# Found an old Model 10-7 S&W for sale, need advice.



## Diamondback 2/2 (Oct 8, 2010)

I am not a big gun collector but I have a few collectables, my first pistol was a San Antonio Police Department Model 10 S&W that I bought for $125 when I was 13. I have always been found of model 10’s for some damn reason every since.

Well today I stopped at a pawn shop and saw a S&W model 10-7 in fair condition (finish is worn and a few nicks in the barrel), it has stag grips on it and the price tag was $369.99. I talked with the guy and he told me $310.00 + tax, so I told him I would think about it and come by tomorrow. 
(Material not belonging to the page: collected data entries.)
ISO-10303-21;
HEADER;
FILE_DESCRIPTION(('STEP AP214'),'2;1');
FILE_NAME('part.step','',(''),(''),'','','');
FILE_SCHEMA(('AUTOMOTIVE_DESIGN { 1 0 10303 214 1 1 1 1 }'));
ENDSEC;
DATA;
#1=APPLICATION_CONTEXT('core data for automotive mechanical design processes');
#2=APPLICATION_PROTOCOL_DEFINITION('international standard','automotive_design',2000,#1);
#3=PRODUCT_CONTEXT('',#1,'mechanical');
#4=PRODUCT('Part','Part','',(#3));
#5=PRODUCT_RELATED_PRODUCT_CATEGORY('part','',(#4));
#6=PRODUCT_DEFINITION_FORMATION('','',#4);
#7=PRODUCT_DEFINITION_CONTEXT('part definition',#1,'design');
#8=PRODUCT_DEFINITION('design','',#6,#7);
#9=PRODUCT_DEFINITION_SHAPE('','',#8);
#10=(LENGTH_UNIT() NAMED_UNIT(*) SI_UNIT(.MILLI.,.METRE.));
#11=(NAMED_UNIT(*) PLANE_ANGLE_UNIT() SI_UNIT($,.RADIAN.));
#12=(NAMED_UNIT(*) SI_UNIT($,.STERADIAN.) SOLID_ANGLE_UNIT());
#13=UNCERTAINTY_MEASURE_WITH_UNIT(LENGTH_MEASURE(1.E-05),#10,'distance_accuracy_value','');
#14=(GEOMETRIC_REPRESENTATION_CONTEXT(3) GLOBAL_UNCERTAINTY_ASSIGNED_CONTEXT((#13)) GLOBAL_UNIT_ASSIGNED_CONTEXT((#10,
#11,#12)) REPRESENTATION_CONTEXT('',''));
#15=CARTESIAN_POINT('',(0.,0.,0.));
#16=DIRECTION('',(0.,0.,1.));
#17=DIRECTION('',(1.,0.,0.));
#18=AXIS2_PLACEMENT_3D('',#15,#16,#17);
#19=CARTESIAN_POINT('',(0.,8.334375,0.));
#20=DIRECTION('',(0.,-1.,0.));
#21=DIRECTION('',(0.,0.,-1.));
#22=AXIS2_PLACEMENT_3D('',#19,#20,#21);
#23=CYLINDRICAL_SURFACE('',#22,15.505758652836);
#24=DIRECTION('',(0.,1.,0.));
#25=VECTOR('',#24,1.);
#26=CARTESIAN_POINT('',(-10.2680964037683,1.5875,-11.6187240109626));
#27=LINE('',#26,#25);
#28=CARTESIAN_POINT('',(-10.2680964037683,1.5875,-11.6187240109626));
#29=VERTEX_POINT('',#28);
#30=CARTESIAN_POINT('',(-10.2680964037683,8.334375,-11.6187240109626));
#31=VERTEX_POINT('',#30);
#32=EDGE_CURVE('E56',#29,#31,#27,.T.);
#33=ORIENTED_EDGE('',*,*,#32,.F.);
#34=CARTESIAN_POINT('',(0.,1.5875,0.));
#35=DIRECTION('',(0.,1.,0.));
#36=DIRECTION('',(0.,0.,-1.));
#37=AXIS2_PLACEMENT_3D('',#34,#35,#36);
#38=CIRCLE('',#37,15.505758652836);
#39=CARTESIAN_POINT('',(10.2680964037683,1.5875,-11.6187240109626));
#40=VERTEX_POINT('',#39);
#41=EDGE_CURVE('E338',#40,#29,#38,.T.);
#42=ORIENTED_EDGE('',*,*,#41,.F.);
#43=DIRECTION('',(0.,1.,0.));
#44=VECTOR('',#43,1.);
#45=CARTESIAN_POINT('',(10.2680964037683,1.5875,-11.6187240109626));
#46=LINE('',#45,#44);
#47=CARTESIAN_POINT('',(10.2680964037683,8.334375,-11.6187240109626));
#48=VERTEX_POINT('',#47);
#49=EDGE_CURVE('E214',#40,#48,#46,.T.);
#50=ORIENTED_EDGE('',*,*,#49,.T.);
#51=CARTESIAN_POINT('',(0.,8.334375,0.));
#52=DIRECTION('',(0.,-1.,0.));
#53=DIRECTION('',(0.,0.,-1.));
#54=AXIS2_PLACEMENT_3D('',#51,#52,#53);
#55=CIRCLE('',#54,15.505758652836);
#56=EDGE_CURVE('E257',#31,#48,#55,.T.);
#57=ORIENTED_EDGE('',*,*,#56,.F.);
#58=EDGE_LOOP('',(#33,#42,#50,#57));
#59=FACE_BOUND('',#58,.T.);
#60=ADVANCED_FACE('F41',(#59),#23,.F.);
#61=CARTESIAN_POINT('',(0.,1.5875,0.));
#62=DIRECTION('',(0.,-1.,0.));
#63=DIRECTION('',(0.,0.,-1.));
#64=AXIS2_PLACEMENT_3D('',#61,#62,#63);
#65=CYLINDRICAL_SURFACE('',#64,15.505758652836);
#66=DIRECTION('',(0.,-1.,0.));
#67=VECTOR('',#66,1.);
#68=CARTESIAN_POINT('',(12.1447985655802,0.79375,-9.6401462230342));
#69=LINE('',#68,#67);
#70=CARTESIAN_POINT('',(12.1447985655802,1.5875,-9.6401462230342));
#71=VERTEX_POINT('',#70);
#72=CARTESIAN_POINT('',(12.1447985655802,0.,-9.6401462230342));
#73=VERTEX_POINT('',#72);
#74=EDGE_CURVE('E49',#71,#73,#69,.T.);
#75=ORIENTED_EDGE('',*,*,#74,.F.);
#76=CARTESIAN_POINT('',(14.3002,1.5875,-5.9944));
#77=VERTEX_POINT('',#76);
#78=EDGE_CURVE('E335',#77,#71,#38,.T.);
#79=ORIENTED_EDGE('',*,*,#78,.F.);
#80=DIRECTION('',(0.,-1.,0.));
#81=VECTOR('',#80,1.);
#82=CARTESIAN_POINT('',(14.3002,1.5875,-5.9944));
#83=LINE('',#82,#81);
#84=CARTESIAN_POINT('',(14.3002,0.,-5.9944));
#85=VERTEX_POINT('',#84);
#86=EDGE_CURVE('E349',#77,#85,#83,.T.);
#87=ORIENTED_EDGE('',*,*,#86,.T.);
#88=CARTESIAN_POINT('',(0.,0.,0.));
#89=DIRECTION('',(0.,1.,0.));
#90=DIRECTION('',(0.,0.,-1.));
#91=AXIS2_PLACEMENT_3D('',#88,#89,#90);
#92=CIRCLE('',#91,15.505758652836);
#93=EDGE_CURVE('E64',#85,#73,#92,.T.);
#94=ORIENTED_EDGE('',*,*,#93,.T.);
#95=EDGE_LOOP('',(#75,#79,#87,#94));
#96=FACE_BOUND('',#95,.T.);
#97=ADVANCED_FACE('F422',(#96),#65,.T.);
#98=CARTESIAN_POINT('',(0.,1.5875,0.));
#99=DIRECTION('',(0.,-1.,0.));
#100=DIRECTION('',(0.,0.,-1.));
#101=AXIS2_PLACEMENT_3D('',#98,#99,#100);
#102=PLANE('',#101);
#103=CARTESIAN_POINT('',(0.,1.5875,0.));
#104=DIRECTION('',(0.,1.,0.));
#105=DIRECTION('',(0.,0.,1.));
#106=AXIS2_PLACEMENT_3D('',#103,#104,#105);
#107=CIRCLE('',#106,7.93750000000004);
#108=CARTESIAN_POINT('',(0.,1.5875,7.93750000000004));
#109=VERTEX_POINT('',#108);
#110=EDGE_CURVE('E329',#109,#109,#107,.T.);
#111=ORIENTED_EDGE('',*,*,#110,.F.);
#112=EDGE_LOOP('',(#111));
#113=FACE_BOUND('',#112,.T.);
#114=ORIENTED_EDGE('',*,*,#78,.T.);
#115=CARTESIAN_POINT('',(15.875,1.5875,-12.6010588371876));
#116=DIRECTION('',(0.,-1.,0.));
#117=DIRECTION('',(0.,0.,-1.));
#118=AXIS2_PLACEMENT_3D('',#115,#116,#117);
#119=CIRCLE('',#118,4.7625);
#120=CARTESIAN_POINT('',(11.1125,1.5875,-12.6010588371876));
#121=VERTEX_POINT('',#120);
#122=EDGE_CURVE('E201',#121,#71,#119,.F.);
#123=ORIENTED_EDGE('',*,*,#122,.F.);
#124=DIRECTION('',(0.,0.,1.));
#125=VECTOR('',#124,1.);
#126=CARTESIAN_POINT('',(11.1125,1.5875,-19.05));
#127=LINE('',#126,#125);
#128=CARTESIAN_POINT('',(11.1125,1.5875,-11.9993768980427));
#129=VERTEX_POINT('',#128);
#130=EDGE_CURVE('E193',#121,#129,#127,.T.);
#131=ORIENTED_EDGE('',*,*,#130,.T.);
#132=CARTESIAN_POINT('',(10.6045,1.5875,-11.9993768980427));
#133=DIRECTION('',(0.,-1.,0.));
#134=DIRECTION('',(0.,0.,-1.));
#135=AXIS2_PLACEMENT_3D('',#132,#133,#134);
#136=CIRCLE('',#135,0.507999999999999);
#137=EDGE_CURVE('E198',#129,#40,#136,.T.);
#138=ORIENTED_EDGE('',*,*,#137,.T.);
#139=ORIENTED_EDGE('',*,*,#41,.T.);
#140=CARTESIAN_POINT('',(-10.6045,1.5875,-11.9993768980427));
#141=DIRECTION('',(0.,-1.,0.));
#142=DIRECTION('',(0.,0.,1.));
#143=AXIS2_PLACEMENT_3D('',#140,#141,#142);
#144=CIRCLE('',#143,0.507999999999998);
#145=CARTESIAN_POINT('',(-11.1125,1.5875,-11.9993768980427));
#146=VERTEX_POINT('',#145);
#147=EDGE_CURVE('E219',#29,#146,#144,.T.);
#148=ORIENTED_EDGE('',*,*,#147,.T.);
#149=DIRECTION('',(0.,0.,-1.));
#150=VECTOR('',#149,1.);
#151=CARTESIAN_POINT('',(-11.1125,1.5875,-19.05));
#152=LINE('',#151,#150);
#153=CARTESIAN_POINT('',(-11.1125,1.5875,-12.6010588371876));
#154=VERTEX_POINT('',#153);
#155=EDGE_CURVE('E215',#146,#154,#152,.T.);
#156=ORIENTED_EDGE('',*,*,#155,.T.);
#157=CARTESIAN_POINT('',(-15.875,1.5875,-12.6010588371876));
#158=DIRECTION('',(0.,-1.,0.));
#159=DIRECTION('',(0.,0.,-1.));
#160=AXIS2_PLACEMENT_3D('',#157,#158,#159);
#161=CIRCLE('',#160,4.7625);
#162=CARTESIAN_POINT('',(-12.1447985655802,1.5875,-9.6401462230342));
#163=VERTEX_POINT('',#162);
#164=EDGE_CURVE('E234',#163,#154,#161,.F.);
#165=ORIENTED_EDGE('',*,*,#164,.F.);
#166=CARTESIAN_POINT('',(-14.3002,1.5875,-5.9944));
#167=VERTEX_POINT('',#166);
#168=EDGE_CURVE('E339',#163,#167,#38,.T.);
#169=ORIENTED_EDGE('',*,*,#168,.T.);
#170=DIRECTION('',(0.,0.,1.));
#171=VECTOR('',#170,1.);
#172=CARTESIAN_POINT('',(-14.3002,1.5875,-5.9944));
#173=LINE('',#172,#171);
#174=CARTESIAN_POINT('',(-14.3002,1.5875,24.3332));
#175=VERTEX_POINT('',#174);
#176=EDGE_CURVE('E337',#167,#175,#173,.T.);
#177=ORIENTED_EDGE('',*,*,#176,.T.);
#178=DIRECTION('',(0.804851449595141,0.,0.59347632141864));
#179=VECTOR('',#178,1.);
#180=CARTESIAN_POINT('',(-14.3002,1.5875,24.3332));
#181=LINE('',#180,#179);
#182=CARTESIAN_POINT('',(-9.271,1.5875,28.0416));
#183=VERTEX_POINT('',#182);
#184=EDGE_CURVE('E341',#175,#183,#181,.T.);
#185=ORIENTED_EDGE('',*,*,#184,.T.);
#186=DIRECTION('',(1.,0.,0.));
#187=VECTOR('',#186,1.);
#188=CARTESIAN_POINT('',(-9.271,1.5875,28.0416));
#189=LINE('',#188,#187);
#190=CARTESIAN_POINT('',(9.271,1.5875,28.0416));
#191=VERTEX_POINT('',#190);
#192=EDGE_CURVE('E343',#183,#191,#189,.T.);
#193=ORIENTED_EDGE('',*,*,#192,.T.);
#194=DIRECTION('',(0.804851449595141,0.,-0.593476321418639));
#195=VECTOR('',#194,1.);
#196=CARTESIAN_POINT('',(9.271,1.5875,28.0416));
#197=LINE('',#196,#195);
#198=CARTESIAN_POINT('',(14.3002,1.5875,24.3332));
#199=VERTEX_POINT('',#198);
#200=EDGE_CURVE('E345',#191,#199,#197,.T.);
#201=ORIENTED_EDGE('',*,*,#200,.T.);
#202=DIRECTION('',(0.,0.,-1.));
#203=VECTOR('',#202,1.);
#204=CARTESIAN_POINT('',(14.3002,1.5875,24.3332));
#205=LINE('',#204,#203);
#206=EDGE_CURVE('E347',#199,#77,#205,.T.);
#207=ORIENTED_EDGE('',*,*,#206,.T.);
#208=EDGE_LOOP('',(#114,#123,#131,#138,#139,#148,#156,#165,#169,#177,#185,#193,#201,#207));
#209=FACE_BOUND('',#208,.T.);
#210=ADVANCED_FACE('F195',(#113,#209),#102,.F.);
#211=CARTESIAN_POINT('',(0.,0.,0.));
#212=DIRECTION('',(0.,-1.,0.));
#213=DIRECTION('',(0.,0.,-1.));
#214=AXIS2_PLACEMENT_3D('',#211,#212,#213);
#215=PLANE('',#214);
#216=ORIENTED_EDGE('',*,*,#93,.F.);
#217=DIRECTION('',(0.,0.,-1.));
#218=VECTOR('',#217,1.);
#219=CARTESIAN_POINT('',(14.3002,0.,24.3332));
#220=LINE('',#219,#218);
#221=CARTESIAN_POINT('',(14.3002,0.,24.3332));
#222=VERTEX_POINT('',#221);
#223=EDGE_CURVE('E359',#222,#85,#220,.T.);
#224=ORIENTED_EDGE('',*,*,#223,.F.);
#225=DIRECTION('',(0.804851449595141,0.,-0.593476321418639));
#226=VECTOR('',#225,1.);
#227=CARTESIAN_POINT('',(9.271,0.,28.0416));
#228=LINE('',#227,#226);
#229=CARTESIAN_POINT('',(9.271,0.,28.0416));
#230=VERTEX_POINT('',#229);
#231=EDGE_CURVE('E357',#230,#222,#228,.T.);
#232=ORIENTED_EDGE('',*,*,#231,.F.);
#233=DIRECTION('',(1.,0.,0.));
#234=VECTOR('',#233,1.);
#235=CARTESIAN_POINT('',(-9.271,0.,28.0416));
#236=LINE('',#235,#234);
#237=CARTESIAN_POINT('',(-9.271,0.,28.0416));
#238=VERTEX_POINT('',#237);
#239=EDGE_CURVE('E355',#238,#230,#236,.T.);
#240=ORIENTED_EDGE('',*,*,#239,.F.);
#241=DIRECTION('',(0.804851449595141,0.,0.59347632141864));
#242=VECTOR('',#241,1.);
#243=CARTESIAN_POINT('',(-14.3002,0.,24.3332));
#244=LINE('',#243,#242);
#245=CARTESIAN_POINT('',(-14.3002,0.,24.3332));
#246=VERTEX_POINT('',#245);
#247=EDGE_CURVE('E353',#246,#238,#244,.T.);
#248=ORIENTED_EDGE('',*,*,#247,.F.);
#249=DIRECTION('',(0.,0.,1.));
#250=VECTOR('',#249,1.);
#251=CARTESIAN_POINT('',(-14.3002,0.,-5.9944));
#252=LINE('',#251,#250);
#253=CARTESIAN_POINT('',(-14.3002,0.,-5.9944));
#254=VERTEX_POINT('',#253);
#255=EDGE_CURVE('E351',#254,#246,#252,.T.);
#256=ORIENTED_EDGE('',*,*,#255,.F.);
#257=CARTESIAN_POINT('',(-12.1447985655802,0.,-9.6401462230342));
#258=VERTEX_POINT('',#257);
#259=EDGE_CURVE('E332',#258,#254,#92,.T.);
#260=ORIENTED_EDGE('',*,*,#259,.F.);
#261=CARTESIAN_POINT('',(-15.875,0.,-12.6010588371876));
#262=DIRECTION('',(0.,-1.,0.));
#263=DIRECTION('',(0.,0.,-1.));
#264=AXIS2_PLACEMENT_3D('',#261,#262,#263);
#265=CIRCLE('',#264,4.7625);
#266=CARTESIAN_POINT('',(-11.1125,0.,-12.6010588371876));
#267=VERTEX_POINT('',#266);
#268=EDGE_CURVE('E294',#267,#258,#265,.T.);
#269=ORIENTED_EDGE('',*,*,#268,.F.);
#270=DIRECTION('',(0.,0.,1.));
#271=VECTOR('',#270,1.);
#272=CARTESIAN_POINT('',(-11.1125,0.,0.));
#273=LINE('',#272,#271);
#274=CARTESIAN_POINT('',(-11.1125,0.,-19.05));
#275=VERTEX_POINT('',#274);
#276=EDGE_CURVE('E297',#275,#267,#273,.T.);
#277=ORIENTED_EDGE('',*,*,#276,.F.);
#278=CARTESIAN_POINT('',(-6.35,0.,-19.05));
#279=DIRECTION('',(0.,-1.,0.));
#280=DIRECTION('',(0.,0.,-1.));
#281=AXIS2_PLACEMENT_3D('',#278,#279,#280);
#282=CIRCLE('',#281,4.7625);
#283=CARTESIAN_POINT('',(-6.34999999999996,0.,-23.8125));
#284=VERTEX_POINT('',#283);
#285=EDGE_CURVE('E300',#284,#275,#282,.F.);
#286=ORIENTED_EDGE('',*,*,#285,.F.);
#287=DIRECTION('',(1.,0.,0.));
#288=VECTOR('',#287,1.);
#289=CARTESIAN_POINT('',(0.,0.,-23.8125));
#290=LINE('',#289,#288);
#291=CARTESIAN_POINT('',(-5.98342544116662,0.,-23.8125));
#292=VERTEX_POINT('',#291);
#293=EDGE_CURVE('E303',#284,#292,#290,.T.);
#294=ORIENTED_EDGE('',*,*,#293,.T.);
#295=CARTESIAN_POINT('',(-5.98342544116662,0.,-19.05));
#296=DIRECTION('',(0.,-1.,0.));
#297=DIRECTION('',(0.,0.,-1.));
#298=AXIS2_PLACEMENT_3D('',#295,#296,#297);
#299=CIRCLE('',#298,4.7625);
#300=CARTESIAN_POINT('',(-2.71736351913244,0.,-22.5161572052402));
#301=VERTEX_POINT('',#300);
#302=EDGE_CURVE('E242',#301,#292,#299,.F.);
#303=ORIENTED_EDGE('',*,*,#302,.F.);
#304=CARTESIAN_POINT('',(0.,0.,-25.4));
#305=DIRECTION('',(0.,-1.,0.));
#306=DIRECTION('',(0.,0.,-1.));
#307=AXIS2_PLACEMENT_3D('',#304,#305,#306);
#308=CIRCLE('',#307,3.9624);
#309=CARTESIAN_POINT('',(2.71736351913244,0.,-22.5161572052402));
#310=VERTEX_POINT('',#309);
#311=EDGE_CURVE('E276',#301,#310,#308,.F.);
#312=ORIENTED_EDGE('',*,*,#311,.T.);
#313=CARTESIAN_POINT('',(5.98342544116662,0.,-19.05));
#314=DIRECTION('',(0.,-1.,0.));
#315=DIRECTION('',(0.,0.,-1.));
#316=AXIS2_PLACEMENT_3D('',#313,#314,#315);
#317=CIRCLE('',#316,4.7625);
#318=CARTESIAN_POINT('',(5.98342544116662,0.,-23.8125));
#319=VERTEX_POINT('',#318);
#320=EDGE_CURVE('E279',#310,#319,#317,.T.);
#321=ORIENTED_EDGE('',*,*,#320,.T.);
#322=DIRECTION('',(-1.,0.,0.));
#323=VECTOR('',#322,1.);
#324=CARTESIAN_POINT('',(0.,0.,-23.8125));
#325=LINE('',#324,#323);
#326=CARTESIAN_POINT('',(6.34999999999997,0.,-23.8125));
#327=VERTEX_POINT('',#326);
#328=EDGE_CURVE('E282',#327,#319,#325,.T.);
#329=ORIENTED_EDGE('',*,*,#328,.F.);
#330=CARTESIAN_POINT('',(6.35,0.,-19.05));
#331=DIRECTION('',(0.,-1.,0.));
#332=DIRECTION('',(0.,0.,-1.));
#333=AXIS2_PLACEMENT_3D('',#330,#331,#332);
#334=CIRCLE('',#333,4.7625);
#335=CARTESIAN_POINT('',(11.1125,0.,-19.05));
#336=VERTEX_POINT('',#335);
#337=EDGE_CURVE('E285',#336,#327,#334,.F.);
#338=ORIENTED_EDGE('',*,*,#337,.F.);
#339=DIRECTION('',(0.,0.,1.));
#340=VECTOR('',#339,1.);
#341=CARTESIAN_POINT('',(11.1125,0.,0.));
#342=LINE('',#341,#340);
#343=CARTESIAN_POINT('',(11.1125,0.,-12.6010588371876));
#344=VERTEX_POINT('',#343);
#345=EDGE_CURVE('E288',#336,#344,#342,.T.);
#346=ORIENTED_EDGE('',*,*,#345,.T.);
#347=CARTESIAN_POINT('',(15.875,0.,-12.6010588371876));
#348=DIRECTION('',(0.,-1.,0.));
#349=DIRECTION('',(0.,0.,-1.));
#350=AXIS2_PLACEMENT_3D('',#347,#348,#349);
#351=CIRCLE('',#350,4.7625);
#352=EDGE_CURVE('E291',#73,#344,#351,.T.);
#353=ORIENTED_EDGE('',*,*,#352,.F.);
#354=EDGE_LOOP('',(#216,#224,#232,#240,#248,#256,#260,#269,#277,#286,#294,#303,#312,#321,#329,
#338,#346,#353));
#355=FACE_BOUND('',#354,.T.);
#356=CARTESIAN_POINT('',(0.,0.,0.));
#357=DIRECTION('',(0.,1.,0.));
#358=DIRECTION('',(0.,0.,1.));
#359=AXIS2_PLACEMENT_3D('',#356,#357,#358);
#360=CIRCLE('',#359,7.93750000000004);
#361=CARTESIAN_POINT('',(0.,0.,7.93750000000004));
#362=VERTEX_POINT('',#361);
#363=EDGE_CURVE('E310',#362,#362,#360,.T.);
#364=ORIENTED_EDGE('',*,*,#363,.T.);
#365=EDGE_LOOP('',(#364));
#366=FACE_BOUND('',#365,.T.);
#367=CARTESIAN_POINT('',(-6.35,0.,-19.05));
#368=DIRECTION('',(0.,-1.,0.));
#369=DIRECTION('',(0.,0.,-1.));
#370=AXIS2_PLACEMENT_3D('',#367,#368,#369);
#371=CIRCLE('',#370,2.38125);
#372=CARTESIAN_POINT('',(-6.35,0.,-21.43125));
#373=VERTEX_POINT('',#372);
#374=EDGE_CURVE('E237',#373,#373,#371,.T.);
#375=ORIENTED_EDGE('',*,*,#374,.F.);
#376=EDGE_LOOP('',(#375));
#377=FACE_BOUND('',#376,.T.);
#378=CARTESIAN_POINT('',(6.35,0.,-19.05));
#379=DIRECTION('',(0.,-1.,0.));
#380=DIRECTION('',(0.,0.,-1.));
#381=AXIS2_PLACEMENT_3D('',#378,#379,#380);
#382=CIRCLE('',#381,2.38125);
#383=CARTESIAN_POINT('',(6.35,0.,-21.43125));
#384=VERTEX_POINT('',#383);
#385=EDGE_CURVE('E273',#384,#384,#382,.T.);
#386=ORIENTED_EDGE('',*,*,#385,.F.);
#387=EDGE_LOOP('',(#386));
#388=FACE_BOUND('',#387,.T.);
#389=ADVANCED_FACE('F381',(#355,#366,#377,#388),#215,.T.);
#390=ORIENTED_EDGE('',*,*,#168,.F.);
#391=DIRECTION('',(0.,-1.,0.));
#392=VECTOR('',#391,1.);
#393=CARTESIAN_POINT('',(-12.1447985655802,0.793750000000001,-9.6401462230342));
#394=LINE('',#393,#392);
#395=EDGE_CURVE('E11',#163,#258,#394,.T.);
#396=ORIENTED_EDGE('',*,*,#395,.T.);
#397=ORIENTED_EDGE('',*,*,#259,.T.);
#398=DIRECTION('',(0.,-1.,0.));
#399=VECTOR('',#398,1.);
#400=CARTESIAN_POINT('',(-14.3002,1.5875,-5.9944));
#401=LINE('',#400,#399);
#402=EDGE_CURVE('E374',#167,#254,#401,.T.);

I am a little out of the loop of what the normal pricing would be at for something like this, I know an old police issue is not worth much but this one is not an old issue pistol (as far as I know). What do you guys think? Hollis? I liked the pistol and would like to add it to my little collection of S&W revolvers, but I am not sure if it’s worth the money to be honest. I have bought many model 10’s for under $200 in the past and I use to trade them all the time for ammo and equipment, but it has been a few years and the market has defiantly changed.


----------



## Cabbage Head (Oct 8, 2010)

From what I know, its kinda steep for a fair condition S&W.  However, with the stag grips may push it up the price that they are asking.  For the revolver itself it would be kinda high.

Check the action and make sure that its smooth.  If it feels heavy and gritty  it could be it needs a good cleaning up on the inside.  Could be a good tool to use to get the price down.  Also check the cylinder at lockup.  IE: hammer cocked to see if it has any slop.  Check it to see if it moves both forwards and backwards as well as rotates.  That shows if its out of time and sloppy.  Bad thing for a revolver.


----------



## HOLLiS (Oct 9, 2010)

With prices today, that does not sound all that bad.   Check with gunbrokers.com, they might have some prices that you can compare it too.   I sold a Mod 10 stubby for $350 not long ago.  Check the timing and overall condition.


----------



## Headshot (Oct 9, 2010)

Get the blue book and find out.


----------



## Diamondback 2/2 (Oct 9, 2010)

Timing and Lock up is GTG, It looks more like it sat loaded in a glove box or night stand for most of it life. There is about 4 nicks in the barrel next to front sight and the blueing looks more like an old colt 1911 bluing job. Kind of metal/blue/black finish. No rust, bore is perfect, action is smooth as butter and the grips are perfect.

I have no fucking clue as to what blue book to look at, hell I have never heard of one for firearms?


----------



## HOLLiS (Oct 9, 2010)

J.A.B. said:


> Timing and Lock up is GTG, It looks more like it sat loaded in a glove box or night stand for most of it life. There is about 4 nicks in the barrel next to front sight and the blueing looks more like an old colt 1911 bluing job. Kind of metal/blue/black finish. No rust, bore is perfect, action is smooth as butter and the grips are perfect.
> 
> I have no fucking clue as to what blue book to look at, hell I have never heard of one for firearms?


 

The blue books is a indicator, but difficult to use.    I tend to look at Gunbrokers, also it take a little getting use to.    There are buy it now prices, bids  and if any bids are made.  

BTW, sounds like a nice pistol.  I still have a Mod 10 target.   Even if you paid a little bit more than it is worth, in a few years the price will catch up.


----------